Not all one-way functions are pseudorandom. We'll show that with the help of the fact in the first part of the question (which we accept as granted, as does the question):
If $f$ is a $n$-bit one-way function, then $g(x)=0^{n}\mathbin\|f(x)$ is a $2n$-bit one-way function.
We'll use an intuitive definition of a pseudorandom function: a function which can't be distinguished (in polynomial time) from a random function (with the same input and output sets). That sidesteps (as the question does) the more precise formalism of pseudorandom function family.
Consider this test for a $m$-bit function $h$: compute $h(x)$ for $x$ the all-zero input, and output $\mathtt{false}$ if all the left $\left\lfloor m/2\right\rfloor$ bits of the result are zero; otherwise output $\mathtt{true}$.
That test runs in polynomial time w.r.t. $n$, assuming $h$ does. When that test is applied to a function $g$ constructed as in our fact, it outputs $\mathtt{false}$ with probability $1$. When that test is applied to a random $2n$-bit function $h$, it outputs $\mathtt{false}$ with probability $2^{-n}$, since each of the $n$ bit(s) tested is uniformly random. For $n>0$, it holds $1>2^{-n}$, therefore that test distinguishes (a) any function $g$ constructed as in our fact from (b) a random function with the same input and output sets as $g$. Therefore, for $n>0$, any function $g$ constructed as in our fact is not a random function.

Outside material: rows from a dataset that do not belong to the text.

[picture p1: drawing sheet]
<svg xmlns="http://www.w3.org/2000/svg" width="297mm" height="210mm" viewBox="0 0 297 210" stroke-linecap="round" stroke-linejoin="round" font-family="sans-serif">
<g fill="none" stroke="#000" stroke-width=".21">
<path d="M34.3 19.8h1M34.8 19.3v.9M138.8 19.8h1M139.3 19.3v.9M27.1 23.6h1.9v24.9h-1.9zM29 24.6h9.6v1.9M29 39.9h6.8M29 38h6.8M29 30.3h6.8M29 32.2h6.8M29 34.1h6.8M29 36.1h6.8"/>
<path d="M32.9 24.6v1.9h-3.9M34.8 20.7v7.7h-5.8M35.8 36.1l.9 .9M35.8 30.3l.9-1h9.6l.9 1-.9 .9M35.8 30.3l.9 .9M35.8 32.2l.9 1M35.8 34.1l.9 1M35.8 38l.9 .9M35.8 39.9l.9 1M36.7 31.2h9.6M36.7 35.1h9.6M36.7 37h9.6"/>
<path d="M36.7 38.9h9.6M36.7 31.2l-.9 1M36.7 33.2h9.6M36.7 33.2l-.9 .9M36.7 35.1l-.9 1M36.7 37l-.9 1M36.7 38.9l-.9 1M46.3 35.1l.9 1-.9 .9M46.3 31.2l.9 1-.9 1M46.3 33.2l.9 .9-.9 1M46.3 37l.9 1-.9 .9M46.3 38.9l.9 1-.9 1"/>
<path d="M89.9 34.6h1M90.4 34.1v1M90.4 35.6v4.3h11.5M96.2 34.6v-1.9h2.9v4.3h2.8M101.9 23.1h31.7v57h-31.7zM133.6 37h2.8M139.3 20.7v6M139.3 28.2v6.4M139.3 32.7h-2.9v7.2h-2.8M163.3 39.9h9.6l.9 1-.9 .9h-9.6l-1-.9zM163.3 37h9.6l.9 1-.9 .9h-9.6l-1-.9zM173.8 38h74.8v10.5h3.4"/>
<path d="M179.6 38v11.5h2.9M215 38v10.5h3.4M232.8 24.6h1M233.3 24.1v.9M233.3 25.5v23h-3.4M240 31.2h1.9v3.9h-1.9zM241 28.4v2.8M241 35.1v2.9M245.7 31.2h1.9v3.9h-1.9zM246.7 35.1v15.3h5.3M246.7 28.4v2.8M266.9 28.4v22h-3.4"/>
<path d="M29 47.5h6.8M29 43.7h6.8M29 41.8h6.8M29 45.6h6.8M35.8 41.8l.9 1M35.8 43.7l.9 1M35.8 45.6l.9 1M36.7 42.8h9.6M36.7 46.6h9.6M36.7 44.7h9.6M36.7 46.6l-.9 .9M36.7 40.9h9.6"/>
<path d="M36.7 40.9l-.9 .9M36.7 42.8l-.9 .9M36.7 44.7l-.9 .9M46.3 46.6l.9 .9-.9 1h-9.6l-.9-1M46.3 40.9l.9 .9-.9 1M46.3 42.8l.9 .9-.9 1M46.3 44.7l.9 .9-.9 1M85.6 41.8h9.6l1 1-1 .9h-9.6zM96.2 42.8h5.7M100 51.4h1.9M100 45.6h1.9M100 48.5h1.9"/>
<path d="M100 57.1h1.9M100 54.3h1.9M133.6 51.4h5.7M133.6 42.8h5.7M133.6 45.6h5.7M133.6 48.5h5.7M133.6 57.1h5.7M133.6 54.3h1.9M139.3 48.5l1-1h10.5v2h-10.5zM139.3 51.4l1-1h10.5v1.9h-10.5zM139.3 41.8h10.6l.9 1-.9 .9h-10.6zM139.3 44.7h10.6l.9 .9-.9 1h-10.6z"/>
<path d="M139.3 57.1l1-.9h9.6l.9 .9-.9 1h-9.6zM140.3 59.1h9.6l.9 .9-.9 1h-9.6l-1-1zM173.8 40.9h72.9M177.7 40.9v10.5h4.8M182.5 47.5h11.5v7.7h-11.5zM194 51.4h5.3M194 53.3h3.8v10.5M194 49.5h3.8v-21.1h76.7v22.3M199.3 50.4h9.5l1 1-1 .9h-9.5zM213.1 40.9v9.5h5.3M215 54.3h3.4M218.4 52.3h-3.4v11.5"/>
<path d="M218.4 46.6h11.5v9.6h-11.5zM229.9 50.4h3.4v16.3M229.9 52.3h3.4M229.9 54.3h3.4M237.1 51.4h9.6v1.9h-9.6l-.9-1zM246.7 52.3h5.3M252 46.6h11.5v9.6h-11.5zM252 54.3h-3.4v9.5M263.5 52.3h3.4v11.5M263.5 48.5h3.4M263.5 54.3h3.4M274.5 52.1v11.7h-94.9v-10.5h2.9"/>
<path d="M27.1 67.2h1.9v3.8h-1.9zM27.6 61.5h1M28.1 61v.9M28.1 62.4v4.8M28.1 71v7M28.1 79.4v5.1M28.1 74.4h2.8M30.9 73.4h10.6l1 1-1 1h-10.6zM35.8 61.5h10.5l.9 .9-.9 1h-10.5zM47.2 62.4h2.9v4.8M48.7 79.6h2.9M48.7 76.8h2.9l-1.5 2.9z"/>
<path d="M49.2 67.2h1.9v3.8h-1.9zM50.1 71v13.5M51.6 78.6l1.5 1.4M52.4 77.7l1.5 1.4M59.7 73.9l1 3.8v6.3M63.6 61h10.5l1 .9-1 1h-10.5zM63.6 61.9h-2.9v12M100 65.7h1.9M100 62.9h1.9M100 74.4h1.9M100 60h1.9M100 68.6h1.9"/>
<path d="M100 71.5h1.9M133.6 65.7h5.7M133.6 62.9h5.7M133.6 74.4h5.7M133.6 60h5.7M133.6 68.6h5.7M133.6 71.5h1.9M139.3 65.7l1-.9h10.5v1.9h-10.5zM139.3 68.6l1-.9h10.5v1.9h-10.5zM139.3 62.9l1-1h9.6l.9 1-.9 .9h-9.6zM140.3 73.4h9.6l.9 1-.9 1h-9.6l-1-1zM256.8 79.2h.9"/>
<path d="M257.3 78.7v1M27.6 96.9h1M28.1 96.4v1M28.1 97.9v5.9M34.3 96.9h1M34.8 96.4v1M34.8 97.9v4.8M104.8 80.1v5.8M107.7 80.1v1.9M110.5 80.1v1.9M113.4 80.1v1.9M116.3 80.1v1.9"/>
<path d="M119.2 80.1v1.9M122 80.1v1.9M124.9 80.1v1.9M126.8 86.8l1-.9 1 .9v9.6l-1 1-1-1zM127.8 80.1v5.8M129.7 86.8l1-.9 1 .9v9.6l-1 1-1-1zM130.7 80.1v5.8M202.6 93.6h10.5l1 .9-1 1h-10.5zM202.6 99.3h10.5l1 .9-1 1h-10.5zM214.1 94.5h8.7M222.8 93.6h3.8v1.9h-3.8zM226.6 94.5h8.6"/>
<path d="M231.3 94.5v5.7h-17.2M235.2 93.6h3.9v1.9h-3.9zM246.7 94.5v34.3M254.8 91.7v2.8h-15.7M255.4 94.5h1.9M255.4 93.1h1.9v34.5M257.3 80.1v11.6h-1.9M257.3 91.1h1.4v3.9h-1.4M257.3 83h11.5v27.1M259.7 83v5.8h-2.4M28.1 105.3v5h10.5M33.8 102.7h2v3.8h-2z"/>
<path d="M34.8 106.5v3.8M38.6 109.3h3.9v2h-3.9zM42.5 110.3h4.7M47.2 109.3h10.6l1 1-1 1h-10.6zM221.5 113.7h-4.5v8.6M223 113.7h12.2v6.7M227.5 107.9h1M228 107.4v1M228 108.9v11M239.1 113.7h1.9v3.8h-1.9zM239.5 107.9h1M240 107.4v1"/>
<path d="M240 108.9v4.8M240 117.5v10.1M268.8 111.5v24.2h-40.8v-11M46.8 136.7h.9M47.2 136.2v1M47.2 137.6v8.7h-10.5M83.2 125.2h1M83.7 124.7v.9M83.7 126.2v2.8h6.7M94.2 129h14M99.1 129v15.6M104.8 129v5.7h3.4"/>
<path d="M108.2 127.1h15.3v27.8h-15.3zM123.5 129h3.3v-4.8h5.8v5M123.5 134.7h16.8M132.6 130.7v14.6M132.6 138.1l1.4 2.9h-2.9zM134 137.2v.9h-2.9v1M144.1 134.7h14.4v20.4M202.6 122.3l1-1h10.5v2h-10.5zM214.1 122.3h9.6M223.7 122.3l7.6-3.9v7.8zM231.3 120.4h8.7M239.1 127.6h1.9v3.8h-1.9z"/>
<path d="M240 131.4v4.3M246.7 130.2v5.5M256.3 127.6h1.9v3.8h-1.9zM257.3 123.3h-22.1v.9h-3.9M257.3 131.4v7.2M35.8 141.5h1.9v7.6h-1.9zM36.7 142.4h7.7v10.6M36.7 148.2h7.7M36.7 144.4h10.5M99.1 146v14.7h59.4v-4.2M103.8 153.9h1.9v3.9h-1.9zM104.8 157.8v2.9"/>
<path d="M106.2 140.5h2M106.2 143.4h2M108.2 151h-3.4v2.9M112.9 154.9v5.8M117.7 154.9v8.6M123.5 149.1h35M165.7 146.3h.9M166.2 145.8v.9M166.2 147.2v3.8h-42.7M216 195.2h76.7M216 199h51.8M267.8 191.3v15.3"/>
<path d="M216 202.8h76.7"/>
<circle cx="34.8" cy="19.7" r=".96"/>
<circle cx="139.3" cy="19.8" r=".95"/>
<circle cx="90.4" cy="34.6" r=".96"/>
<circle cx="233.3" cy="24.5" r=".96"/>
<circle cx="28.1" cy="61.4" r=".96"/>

We now only need to hypothesize the existence of a $n$-bit one way function $f$ to have exhibited a counterexample $g$ to the assertion that all one-way functions are pseudorandom, thus proving the first sentence of this answer.
The question errs when it states
because it is easy to find a number that could be an output from $g$, that isn't pseudorandom.
Problem with that line of thought: it holds including for a pseudo-random function $f$ that "it is easy to find a number that could be an output from $f$"; in particular, the all-zero bitstring $0^{2n}$ is such "number".
We can try and make that quantitative: the all-zero bitstring $0^{2n}$ is much more likely to occur for $g$ (probability $2^{-n}$ with some extra hypothesis) than it is for a random function $f$ with the same output set (probability $2^{-2n}$).
But it's not enough to remark that it is easy to find a number more likely to be an output from $g$ than it is to be an output for random function $f$. Problem with that alternate line of thought: as $n$ grows, it becomes exponentially unlikely that a certain number will be the output of $g$ or $f$, thus we can't build a polynomial-time distinguisher from the existence of a single such number.
Note, per comment: this answer assimilates a pseudorandom generator to a pseudorandom function (as does the question), by fixing the output width of the PRG to the width $n$ of the pseudorandom function, and using the PRG's key/seed as the input of the pseudorandom function.